I have a neural network $F^{\theta}(x)$ characterized by parameters $\theta$, and I am trying to update the network parameters using the following loss function
$$
\frac{ \nabla_{\theta} F^{\theta}(x) }{ \nabla_{x} F^{\theta}(x) } \bigg|_{x = inputs},
$$
i.e. the gradient of $F$ wrt network parameters divided by the gradient of $F$ wrt its inputs.

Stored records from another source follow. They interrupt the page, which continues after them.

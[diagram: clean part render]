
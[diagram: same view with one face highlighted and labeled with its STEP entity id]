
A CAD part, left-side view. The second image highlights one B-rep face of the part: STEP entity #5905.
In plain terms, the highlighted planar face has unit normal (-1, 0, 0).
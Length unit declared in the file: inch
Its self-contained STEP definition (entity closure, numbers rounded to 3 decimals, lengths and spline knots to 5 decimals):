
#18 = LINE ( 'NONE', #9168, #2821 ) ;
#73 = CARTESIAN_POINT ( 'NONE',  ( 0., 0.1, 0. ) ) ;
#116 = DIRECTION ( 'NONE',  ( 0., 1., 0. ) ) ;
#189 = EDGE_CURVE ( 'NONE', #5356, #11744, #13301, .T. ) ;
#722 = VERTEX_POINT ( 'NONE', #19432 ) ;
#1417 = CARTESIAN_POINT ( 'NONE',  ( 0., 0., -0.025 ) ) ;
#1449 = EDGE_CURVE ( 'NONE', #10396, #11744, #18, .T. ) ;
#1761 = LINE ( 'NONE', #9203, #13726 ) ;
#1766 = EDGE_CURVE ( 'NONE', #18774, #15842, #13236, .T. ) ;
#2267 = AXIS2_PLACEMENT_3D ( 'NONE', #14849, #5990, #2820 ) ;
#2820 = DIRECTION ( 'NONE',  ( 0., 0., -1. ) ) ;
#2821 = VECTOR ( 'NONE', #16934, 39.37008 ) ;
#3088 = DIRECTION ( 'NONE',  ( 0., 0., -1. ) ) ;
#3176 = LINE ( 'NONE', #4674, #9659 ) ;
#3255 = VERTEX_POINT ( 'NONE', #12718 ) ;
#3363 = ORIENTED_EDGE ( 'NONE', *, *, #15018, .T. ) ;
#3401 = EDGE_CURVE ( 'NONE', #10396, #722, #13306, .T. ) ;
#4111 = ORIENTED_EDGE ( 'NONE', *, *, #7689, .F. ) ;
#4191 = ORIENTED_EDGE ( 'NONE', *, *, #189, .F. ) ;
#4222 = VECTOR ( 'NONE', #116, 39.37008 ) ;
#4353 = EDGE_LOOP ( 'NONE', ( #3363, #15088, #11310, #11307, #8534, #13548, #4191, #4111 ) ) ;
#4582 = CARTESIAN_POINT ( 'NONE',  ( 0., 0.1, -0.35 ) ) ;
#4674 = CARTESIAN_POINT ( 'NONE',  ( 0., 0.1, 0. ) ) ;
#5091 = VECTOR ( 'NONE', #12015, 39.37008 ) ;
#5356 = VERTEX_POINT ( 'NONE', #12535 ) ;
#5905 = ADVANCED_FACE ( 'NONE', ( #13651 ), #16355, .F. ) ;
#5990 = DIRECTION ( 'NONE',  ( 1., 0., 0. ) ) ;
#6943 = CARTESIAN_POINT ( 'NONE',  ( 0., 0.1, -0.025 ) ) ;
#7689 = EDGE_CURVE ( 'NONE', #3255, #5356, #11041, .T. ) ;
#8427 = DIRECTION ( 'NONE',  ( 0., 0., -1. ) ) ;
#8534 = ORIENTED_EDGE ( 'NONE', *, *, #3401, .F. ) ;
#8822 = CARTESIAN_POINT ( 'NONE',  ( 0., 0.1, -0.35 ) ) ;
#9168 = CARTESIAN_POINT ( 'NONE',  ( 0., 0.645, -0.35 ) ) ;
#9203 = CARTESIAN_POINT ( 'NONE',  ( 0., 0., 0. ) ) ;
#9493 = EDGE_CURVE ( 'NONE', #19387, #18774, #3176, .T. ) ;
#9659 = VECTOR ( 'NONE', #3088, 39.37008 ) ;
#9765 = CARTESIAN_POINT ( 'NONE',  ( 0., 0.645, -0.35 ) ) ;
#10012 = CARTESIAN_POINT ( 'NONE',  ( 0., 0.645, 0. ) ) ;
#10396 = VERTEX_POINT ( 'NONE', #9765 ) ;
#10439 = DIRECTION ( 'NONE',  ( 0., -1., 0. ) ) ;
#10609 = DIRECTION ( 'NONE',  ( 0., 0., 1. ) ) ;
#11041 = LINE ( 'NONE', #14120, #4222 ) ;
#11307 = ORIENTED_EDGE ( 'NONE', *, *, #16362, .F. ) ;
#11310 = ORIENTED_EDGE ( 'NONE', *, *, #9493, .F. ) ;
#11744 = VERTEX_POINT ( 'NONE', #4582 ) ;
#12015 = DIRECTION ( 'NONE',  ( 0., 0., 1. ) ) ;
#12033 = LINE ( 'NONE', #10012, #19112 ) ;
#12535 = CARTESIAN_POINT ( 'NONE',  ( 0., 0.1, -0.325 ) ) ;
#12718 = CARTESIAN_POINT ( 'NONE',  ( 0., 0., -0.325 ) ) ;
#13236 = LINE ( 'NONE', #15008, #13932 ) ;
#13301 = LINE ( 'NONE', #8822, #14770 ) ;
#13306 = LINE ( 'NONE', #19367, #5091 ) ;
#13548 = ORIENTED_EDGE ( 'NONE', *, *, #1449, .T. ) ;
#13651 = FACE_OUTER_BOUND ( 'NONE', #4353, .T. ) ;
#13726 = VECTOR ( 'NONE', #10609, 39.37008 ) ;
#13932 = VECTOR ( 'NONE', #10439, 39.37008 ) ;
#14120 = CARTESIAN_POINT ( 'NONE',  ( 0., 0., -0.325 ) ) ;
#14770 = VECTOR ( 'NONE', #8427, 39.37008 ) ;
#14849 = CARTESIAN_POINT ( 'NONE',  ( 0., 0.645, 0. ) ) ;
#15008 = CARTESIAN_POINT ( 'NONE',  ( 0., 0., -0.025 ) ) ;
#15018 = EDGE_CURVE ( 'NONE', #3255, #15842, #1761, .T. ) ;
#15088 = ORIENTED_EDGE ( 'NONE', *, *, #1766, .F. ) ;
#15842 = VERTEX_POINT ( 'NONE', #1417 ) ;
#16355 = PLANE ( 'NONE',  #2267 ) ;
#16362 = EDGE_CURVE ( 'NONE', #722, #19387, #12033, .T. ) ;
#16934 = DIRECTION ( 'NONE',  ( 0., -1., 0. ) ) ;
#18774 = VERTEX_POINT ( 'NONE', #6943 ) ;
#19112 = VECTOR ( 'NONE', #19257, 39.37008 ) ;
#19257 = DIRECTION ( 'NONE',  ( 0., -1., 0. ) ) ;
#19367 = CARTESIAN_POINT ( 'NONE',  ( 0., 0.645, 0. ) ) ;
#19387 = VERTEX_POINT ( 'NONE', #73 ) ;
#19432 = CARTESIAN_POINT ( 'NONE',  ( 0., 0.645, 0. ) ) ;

I have started implementing different approaches, which I believe lead to the same results:
model.optimizer.zero_grad()
x = inputs.clone().requires_grad_()
y1 = model(x)
# ... do one of the 3 approaches ...
loss.backward()
model.optimizer.step()
##### approach 1
grad_y_inputs = torch.autograd.grad(inputs=x,
outputs=y1.sum(),
grad_outputs=None)[0].detach()
y2 = model(inputs)
loss = y2 / grad_y_inputs
#####
##### approach 2
y1.sum().backward(create_graph=True)
loss = y1 / x.grad
#####
##### approach 3
y1.sum().backward()
y2 = model(inputs)
loss = y2 / x.grad
#####
- First of all, are the three approaches depicted here doing the desired gradient computation?
- Is there any preferred approach, e.g. computational or semantic issues?